Molecular Oncology, Markers, Clinical Correlates

Androgen Receptor Gene Alterations and Chromosomal Gains and Losses in Prostate Carcinomas Appearing During Finasteride Treatment for Benign Prostatic Hyperplasia1

Pasi A. Koivisto2, Johanna Schleutker, Heikki Helin, Conny Ehren-van Eekelen, Olli-Pekka Kallioniemi and Jan Trapman

Laboratory of Cancer Genetics [P. A. K., J. S., O-P K.], Department of Clinical Chemistry, and Department of Pathology [H. H.], Tampere University Hospital, FIN-33521 Tampere, Finland; Laboratory of Cancer Genetics, National Center for Human Genome Research, NIH, Bethesda, Maryland 20892 [O-P. K.]; and Department of Pathology, Erasmus University, 3000 DR Rotterdam, the Netherlands [C. E-v. E, J. T.]

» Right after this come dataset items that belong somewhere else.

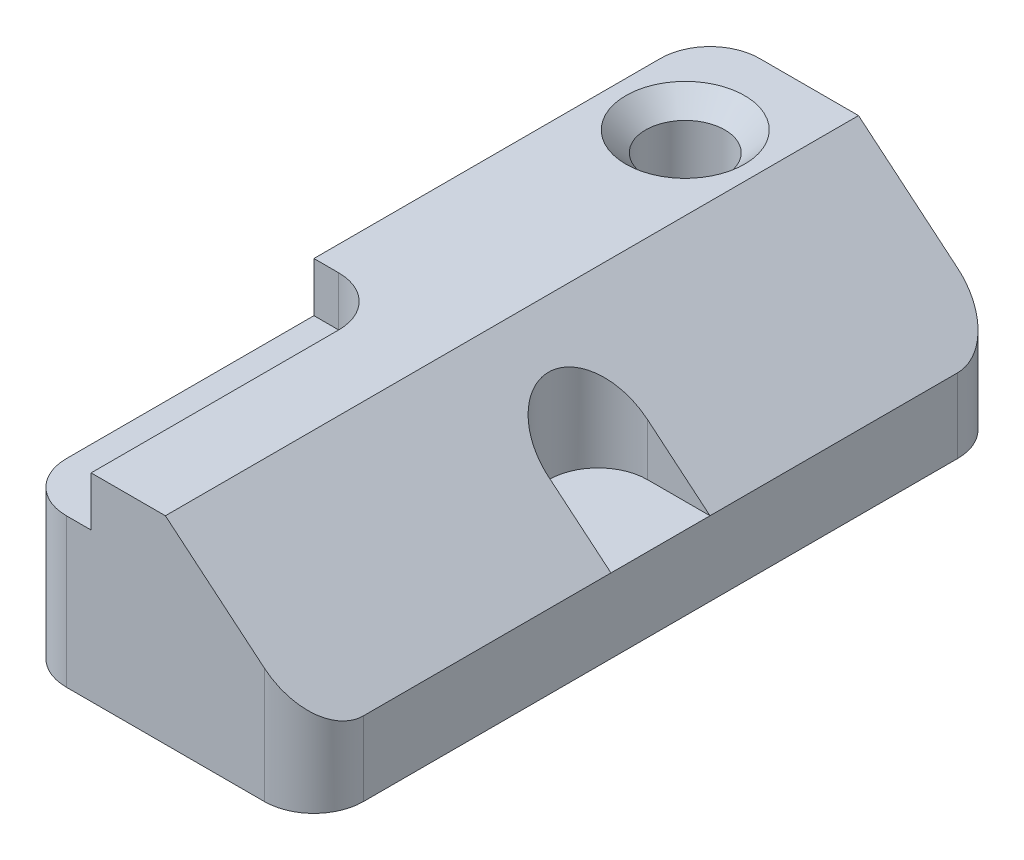
ISO-10303-21;
HEADER;
FILE_DESCRIPTION(('STEP AP214'),'2;1');
FILE_NAME('part.step','',(''),(''),'','','');
FILE_SCHEMA(('AUTOMOTIVE_DESIGN { 1 0 10303 214 1 1 1 1 }'));
ENDSEC;
DATA;
#1=APPLICATION_CONTEXT('core data for automotive mechanical design processes');
#2=APPLICATION_PROTOCOL_DEFINITION('international standard','automotive_design',2000,#1);
#3=PRODUCT_CONTEXT('',#1,'mechanical');
#4=PRODUCT('Part','Part','',(#3));
#5=PRODUCT_RELATED_PRODUCT_CATEGORY('part','',(#4));
#6=PRODUCT_DEFINITION_FORMATION('','',#4);
#7=PRODUCT_DEFINITION_CONTEXT('part definition',#1,'design');
#8=PRODUCT_DEFINITION('design','',#6,#7);
#9=PRODUCT_DEFINITION_SHAPE('','',#8);
#10=(LENGTH_UNIT() NAMED_UNIT(*) SI_UNIT(.MILLI.,.METRE.));
#11=(NAMED_UNIT(*) PLANE_ANGLE_UNIT() SI_UNIT($,.RADIAN.));
#12=(NAMED_UNIT(*) SI_UNIT($,.STERADIAN.) SOLID_ANGLE_UNIT());
#13=UNCERTAINTY_MEASURE_WITH_UNIT(LENGTH_MEASURE(1.E-05),#10,'distance_accuracy_value','');
#14=(GEOMETRIC_REPRESENTATION_CONTEXT(3) GLOBAL_UNCERTAINTY_ASSIGNED_CONTEXT((#13)) GLOBAL_UNIT_ASSIGNED_CONTEXT((#10,
#11,#12)) REPRESENTATION_CONTEXT('',''));
#15=CARTESIAN_POINT('',(0.,0.,0.));
#16=DIRECTION('',(0.,0.,1.));
#17=DIRECTION('',(1.,0.,0.));
#18=AXIS2_PLACEMENT_3D('',#15,#16,#17);
#19=CARTESIAN_POINT('',(0.,0.,-177.8));
#20=DIRECTION('',(-1.,0.,0.));
#21=DIRECTION('',(0.,0.,1.));
#22=AXIS2_PLACEMENT_3D('',#19,#20,#21);
#23=PLANE('',#22);
#24=DIRECTION('',(0.,0.,1.));
#25=VECTOR('',#24,1.);
#26=CARTESIAN_POINT('',(0.,50.8,-177.8));
#27=LINE('',#26,#25);
#28=CARTESIAN_POINT('',(0.,50.8,-165.1));
#29=VERTEX_POINT('',#28);
#30=CARTESIAN_POINT('',(0.,50.8,-76.2));
#31=VERTEX_POINT('',#30);
#32=EDGE_CURVE('E288',#29,#31,#27,.T.);
#33=ORIENTED_EDGE('',*,*,#32,.F.);
#34=DIRECTION('',(0.,-1.,0.));
#35=VECTOR('',#34,1.);
#36=CARTESIAN_POINT('',(0.,0.,-165.1));
#37=LINE('',#36,#35);
#38=CARTESIAN_POINT('',(0.,0.,-165.1));
#39=VERTEX_POINT('',#38);
#40=EDGE_CURVE('E237',#29,#39,#37,.T.);
#41=ORIENTED_EDGE('',*,*,#40,.T.);
#42=DIRECTION('',(0.,0.,1.));
#43=VECTOR('',#42,1.);
#44=CARTESIAN_POINT('',(0.,0.,-177.8));
#45=LINE('',#44,#43);
#46=CARTESIAN_POINT('',(0.,0.,-12.7));
#47=VERTEX_POINT('',#46);
#48=EDGE_CURVE('E284',#39,#47,#45,.T.);
#49=ORIENTED_EDGE('',*,*,#48,.T.);
#50=DIRECTION('',(0.,-1.,0.));
#51=VECTOR('',#50,1.);
#52=CARTESIAN_POINT('',(0.,38.1,-12.7));
#53=LINE('',#52,#51);
#54=CARTESIAN_POINT('',(0.,38.1,-12.7));
#55=VERTEX_POINT('',#54);
#56=EDGE_CURVE('E234',#47,#55,#53,.F.);
#57=ORIENTED_EDGE('',*,*,#56,.T.);
#58=DIRECTION('',(0.,0.,-1.));
#59=VECTOR('',#58,1.);
#60=CARTESIAN_POINT('',(0.,38.1,0.));
#61=LINE('',#60,#59);
#62=CARTESIAN_POINT('',(0.,38.1,-76.2));
#63=VERTEX_POINT('',#62);
#64=EDGE_CURVE('E349',#55,#63,#61,.T.);
#65=ORIENTED_EDGE('',*,*,#64,.T.);
#66=DIRECTION('',(0.,1.,0.));
#67=VECTOR('',#66,1.);
#68=CARTESIAN_POINT('',(0.,38.1,-76.2));
#69=LINE('',#68,#67);
#70=EDGE_CURVE('E328',#63,#31,#69,.T.);
#71=ORIENTED_EDGE('',*,*,#70,.T.);
#72=EDGE_LOOP('',(#33,#41,#49,#57,#65,#71));
#73=FACE_BOUND('',#72,.T.);
#74=ADVANCED_FACE('F39',(#73),#23,.T.);
#75=CARTESIAN_POINT('',(0.,50.8,-177.8));
#76=DIRECTION('',(0.,1.,0.));
#77=DIRECTION('',(0.,0.,1.));
#78=AXIS2_PLACEMENT_3D('',#75,#76,#77);
#79=PLANE('',#78);
#80=CARTESIAN_POINT('',(19.05,50.8,-152.4));
#81=DIRECTION('',(0.,1.,0.));
#82=DIRECTION('',(0.,0.,1.));
#83=AXIS2_PLACEMENT_3D('',#80,#81,#82);
#84=CIRCLE('',#83,15.24);
#85=CARTESIAN_POINT('',(19.05,50.8,-137.16));
#86=VERTEX_POINT('',#85);
#87=EDGE_CURVE('E300',#86,#86,#84,.F.);
#88=ORIENTED_EDGE('',*,*,#87,.T.);
#89=EDGE_LOOP('',(#88));
#90=FACE_BOUND('',#89,.T.);
#91=DIRECTION('',(-1.,0.,0.));
#92=VECTOR('',#91,1.);
#93=CARTESIAN_POINT('',(0.,50.8,-177.8));
#94=LINE('',#93,#92);
#95=CARTESIAN_POINT('',(38.1,50.8,-177.8));
#96=VERTEX_POINT('',#95);
#97=CARTESIAN_POINT('',(12.7,50.8,-177.8));
#98=VERTEX_POINT('',#97);
#99=EDGE_CURVE('E277',#96,#98,#94,.T.);
#100=ORIENTED_EDGE('',*,*,#99,.T.);
#101=CARTESIAN_POINT('',(12.7,50.8,-165.1));
#102=DIRECTION('',(0.,1.,0.));
#103=DIRECTION('',(0.,0.,1.));
#104=AXIS2_PLACEMENT_3D('',#101,#102,#103);
#105=CIRCLE('',#104,12.7);
#106=EDGE_CURVE('E61',#98,#29,#105,.T.);
#107=ORIENTED_EDGE('',*,*,#106,.T.);
#108=ORIENTED_EDGE('',*,*,#32,.T.);
#109=DIRECTION('',(1.,0.,0.));
#110=VECTOR('',#109,1.);
#111=CARTESIAN_POINT('',(0.,50.8,-76.2));
#112=LINE('',#111,#110);
#113=CARTESIAN_POINT('',(6.34999999999999,50.8,-76.2));
#114=VERTEX_POINT('',#113);
#115=EDGE_CURVE('E337',#31,#114,#112,.T.);
#116=ORIENTED_EDGE('',*,*,#115,.T.);
#117=CARTESIAN_POINT('',(6.34999999999999,50.8,-63.5));
#118=DIRECTION('',(0.,1.,0.));
#119=DIRECTION('',(0.,0.,1.));
#120=AXIS2_PLACEMENT_3D('',#117,#118,#119);
#121=CIRCLE('',#120,12.7);
#122=CARTESIAN_POINT('',(19.05,50.8,-63.5));
#123=VERTEX_POINT('',#122);
#124=EDGE_CURVE('E193',#114,#123,#121,.F.);
#125=ORIENTED_EDGE('',*,*,#124,.T.);
#126=DIRECTION('',(0.,0.,-1.));
#127=VECTOR('',#126,1.);
#128=CARTESIAN_POINT('',(19.05,50.8,0.));
#129=LINE('',#128,#127);
#130=CARTESIAN_POINT('',(19.05,50.8,0.));
#131=VERTEX_POINT('',#130);
#132=EDGE_CURVE('E330',#131,#123,#129,.T.);
#133=ORIENTED_EDGE('',*,*,#132,.F.);
#134=DIRECTION('',(-1.,0.,0.));
#135=VECTOR('',#134,1.);
#136=CARTESIAN_POINT('',(0.,50.8,0.));
#137=LINE('',#136,#135);
#138=CARTESIAN_POINT('',(38.1,50.8,0.));
#139=VERTEX_POINT('',#138);
#140=EDGE_CURVE('E271',#139,#131,#137,.T.);
#141=ORIENTED_EDGE('',*,*,#140,.F.);
#142=DIRECTION('',(0.,0.,1.));
#143=VECTOR('',#142,1.);
#144=CARTESIAN_POINT('',(38.1,50.8,-177.8));
#145=LINE('',#144,#143);
#146=EDGE_CURVE('E166',#96,#139,#145,.T.);
#147=ORIENTED_EDGE('',*,*,#146,.F.);
#148=EDGE_LOOP('',(#100,#107,#108,#116,#125,#133,#141,#147));
#149=FACE_BOUND('',#148,.T.);
#150=ADVANCED_FACE('F335',(#90,#149),#79,.T.);
#151=CARTESIAN_POINT('',(76.2,0.,-177.8));
#152=DIRECTION('',(0.,-1.,0.));
#153=DIRECTION('',(1.,0.,0.));
#154=AXIS2_PLACEMENT_3D('',#151,#152,#153);
#155=PLANE('',#154);
#156=CARTESIAN_POINT('',(19.05,0.,-152.4));
#157=DIRECTION('',(0.,1.,0.));
#158=DIRECTION('',(0.,0.,1.));
#159=AXIS2_PLACEMENT_3D('',#156,#157,#158);
#160=CIRCLE('',#159,10.16);
#161=CARTESIAN_POINT('',(19.05,0.,-142.24));
#162=VERTEX_POINT('',#161);
#163=EDGE_CURVE('E267',#162,#162,#160,.T.);
#164=ORIENTED_EDGE('',*,*,#163,.T.);
#165=EDGE_LOOP('',(#164));
#166=FACE_BOUND('',#165,.T.);
#167=DIRECTION('',(1.,0.,0.));
#168=VECTOR('',#167,1.);
#169=CARTESIAN_POINT('',(76.2,0.,-177.8));
#170=LINE('',#169,#168);
#171=CARTESIAN_POINT('',(12.7,0.,-177.8));
#172=VERTEX_POINT('',#171);
#173=CARTESIAN_POINT('',(63.5,0.,-177.8));
#174=VERTEX_POINT('',#173);
#175=EDGE_CURVE('E283',#172,#174,#170,.T.);
#176=ORIENTED_EDGE('',*,*,#175,.T.);
#177=CARTESIAN_POINT('',(63.5,0.,-165.1));
#178=DIRECTION('',(0.,-1.,0.));
#179=DIRECTION('',(1.,0.,0.));
#180=AXIS2_PLACEMENT_3D('',#177,#178,#179);
#181=CIRCLE('',#180,12.7);
#182=CARTESIAN_POINT('',(76.2,0.,-165.1));
#183=VERTEX_POINT('',#182);
#184=EDGE_CURVE('E231',#174,#183,#181,.T.);
#185=ORIENTED_EDGE('',*,*,#184,.T.);
#186=DIRECTION('',(0.,0.,1.));
#187=VECTOR('',#186,1.);
#188=CARTESIAN_POINT('',(76.2,0.,-177.8));
#189=LINE('',#188,#187);
#190=CARTESIAN_POINT('',(76.2,0.,-12.7));
#191=VERTEX_POINT('',#190);
#192=EDGE_CURVE('E294',#183,#191,#189,.T.);
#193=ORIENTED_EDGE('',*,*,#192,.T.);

Finasteride is commonly used for the treatment of benign prostatic hyperplasia and has been suggested to prevent prostate cancer development. To gain insight to the molecular effects of finasteride on prostate cancer development, we studied six prostate cancers diagnosed during finasteride treatment for benign prostatic hyperplasia. Comparative genomic hybridization detected genetic alterations in four tumors (1–5 changes/tumor). Xq gains and 6q losses were the most common alterations. The recurrent Xq gains motivated us to study the involvement of the androgen receptor (AR) gene. One tumor with Xq gain had a 3-fold amplification of the AR gene, suggesting that tumor development in finasteride-treated patients may require increased AR copy number and expression, as has previously been shown for prostate cancers recurring during hormonal therapy. Furthermore, in another tumor, an Arg726Leu mutation of the AR gene was found. This mutation was also present in the germ-line DNA of the patient. Arg726Leu mutation has previously been reported to affect the transactivational properties of the AR. In summary, prostate cancers developing during finasteride therapy may have distinct biological properties, such as a low number of chromosomal alterations and frequent involvement of the AR gene. Further studies are needed to explore the role of germ-line AR mutations in these patients.